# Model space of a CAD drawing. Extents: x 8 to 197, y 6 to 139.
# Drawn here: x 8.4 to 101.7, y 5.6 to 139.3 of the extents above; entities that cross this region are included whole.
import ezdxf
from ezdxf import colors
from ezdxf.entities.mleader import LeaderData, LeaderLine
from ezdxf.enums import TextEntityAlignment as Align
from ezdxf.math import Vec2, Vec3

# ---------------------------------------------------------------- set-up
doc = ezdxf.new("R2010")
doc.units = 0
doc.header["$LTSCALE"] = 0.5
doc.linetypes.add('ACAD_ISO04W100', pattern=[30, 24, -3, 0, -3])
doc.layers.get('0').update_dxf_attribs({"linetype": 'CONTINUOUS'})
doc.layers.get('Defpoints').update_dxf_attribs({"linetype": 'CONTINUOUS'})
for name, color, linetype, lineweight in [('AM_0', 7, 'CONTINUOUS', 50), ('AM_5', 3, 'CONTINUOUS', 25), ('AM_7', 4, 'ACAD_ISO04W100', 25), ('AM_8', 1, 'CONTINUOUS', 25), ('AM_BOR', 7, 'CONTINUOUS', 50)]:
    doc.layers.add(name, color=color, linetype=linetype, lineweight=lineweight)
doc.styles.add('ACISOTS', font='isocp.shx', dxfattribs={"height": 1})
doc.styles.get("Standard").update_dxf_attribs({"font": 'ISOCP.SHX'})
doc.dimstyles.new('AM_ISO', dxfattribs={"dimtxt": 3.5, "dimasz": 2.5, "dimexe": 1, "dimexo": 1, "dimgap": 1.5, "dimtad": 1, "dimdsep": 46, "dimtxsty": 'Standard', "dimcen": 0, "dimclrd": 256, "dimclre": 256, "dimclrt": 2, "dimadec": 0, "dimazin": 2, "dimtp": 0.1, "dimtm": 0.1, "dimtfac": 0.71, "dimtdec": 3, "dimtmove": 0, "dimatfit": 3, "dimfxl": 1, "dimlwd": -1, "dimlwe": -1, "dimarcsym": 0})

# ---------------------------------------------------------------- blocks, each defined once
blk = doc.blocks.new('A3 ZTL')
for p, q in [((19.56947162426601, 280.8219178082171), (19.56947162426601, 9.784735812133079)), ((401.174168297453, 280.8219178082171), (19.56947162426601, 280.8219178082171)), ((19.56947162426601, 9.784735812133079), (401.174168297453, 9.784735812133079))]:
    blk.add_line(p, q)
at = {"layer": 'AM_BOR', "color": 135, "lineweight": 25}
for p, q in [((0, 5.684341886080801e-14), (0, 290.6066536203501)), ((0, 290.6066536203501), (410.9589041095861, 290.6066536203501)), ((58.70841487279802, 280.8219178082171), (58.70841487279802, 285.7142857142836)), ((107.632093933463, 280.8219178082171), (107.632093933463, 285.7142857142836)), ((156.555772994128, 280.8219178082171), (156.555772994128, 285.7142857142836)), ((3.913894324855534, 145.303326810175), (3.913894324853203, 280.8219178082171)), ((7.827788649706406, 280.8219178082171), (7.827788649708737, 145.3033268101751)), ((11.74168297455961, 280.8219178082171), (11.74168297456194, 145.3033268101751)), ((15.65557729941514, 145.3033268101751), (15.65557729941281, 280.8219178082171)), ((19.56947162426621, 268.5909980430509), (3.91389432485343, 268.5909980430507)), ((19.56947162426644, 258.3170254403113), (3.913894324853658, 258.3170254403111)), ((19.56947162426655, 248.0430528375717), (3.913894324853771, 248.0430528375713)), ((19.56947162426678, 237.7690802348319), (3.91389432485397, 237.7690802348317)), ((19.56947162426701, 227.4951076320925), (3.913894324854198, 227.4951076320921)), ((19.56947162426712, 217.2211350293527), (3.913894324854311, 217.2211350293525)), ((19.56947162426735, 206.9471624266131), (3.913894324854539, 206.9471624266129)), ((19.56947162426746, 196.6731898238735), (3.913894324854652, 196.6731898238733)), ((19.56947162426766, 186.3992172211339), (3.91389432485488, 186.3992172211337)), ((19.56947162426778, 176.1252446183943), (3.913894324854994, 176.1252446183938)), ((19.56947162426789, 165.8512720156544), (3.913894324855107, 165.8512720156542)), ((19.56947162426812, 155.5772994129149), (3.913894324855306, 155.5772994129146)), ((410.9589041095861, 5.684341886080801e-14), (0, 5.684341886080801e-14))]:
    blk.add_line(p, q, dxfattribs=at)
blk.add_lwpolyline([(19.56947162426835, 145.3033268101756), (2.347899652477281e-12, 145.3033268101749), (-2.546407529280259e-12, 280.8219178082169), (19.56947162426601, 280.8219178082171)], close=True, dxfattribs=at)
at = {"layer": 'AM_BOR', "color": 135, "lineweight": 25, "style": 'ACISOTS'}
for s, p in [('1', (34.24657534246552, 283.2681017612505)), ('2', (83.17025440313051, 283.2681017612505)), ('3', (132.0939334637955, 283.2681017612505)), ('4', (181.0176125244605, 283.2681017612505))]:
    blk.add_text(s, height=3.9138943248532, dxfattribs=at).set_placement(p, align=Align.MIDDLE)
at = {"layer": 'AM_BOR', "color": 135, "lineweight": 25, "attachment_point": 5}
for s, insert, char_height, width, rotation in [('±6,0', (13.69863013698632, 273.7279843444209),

◆ **What you have to do**
Copy out the records in full, matching every line character for character.

◆ **Task output**
# Model space of a CAD drawing. Extents: x 8 to 197, y 6 to 139.
# Drawn here: x 8.4 to 101.7, y 5.6 to 139.3 of the extents above; entities that cross this region are included whole.
import ezdxf
from ezdxf import colors
from ezdxf.entities.mleader import LeaderData, LeaderLine
from ezdxf.enums import TextEntityAlignment as Align
from ezdxf.math import Vec2, Vec3

# ---------------------------------------------------------------- set-up
doc = ezdxf.new("R2010")
doc.units = 0
doc.header["$LTSCALE"] = 0.5
doc.linetypes.add('ACAD_ISO04W100', pattern=[30, 24, -3, 0, -3])
doc.layers.get('0').update_dxf_attribs({"linetype": 'CONTINUOUS'})
doc.layers.get('Defpoints').update_dxf_attribs({"linetype": 'CONTINUOUS'})
for name, color, linetype, lineweight in [('AM_0', 7, 'CONTINUOUS', 50), ('AM_5', 3, 'CONTINUOUS', 25), ('AM_7', 4, 'ACAD_ISO04W100', 25), ('AM_8', 1, 'CONTINUOUS', 25), ('AM_BOR', 7, 'CONTINUOUS', 50)]:
    doc.layers.add(name, color=color, linetype=linetype, lineweight=lineweight)
doc.styles.add('ACISOTS', font='isocp.shx', dxfattribs={"height": 1})
doc.styles.get("Standard").update_dxf_attribs({"font": 'ISOCP.SHX'})
doc.dimstyles.new('AM_ISO', dxfattribs={"dimtxt": 3.5, "dimasz": 2.5, "dimexe": 1, "dimexo": 1, "dimgap": 1.5, "dimtad": 1, "dimdsep": 46, "dimtxsty": 'Standard', "dimcen": 0, "dimclrd": 256, "dimclre": 256, "dimclrt": 2, "dimadec": 0, "dimazin": 2, "dimtp": 0.1, "dimtm": 0.1, "dimtfac": 0.71, "dimtdec": 3, "dimtmove": 0, "dimatfit": 3, "dimfxl": 1, "dimlwd": -1, "dimlwe": -1, "dimarcsym": 0})

# ---------------------------------------------------------------- blocks, each defined once
blk = doc.blocks.new('A3 ZTL')
for p, q in [((19.56947162426601, 280.8219178082171), (19.56947162426601, 9.784735812133079)), ((401.174168297453, 280.8219178082171), (19.56947162426601, 280.8219178082171)), ((19.56947162426601, 9.784735812133079), (401.174168297453, 9.784735812133079))]:
    blk.add_line(p, q)
at = {"layer": 'AM_BOR', "color": 135, "lineweight": 25}
for p, q in [((0, 5.684341886080801e-14), (0, 290.6066536203501)), ((0, 290.6066536203501), (410.9589041095861, 290.6066536203501)), ((58.70841487279802, 280.8219178082171), (58.70841487279802, 285.7142857142836)), ((107.632093933463, 280.8219178082171), (107.632093933463, 285.7142857142836)), ((156.555772994128, 280.8219178082171), (156.555772994128, 285.7142857142836)), ((3.913894324855534, 145.303326810175), (3.913894324853203, 280.8219178082171)), ((7.827788649706406, 280.8219178082171), (7.827788649708737, 145.3033268101751)), ((11.74168297455961, 280.8219178082171), (11.74168297456194, 145.3033268101751)), ((15.65557729941514, 145.3033268101751), (15.65557729941281, 280.8219178082171)), ((19.56947162426621, 268.5909980430509), (3.91389432485343, 268.5909980430507)), ((19.56947162426644, 258.3170254403113), (3.913894324853658, 258.3170254403111)), ((19.56947162426655, 248.0430528375717), (3.913894324853771, 248.0430528375713)), ((19.56947162426678, 237.7690802348319), (3.91389432485397, 237.7690802348317)), ((19.56947162426701, 227.4951076320925), (3.913894324854198, 227.4951076320921)), ((19.56947162426712, 217.2211350293527), (3.913894324854311, 217.2211350293525)), ((19.56947162426735, 206.9471624266131), (3.913894324854539, 206.9471624266129)), ((19.56947162426746, 196.6731898238735), (3.913894324854652, 196.6731898238733)), ((19.56947162426766, 186.3992172211339), (3.91389432485488, 186.3992172211337)), ((19.56947162426778, 176.1252446183943), (3.913894324854994, 176.1252446183938)), ((19.56947162426789, 165.8512720156544), (3.913894324855107, 165.8512720156542)), ((19.56947162426812, 155.5772994129149), (3.913894324855306, 155.5772994129146)), ((410.9589041095861, 5.684341886080801e-14), (0, 5.684341886080801e-14))]:
    blk.add_line(p, q, dxfattribs=at)
blk.add_lwpolyline([(19.56947162426835, 145.3033268101756), (2.347899652477281e-12, 145.3033268101749), (-2.546407529280259e-12, 280.8219178082169), (19.56947162426601, 280.8219178082171)], close=True, dxfattribs=at)
at = {"layer": 'AM_BOR', "color": 135, "lineweight": 25, "style": 'ACISOTS'}
for s, p in [('1', (34.24657534246552, 283.2681017612505)), ('2', (83.17025440313051, 283.2681017612505)), ('3', (132.0939334637955, 283.2681017612505)), ('4', (181.0176125244605, 283.2681017612505))]:
    blk.add_text(s, height=3.9138943248532, dxfattribs=at).set_placement(p, align=Align.MIDDLE)
at = {"layer": 'AM_BOR', "color": 135, "lineweight": 25, "attachment_point": 5}
for s, insert, char_height, width, rotation in [('±6,0', (13.69863013698632, 273.7279843444209),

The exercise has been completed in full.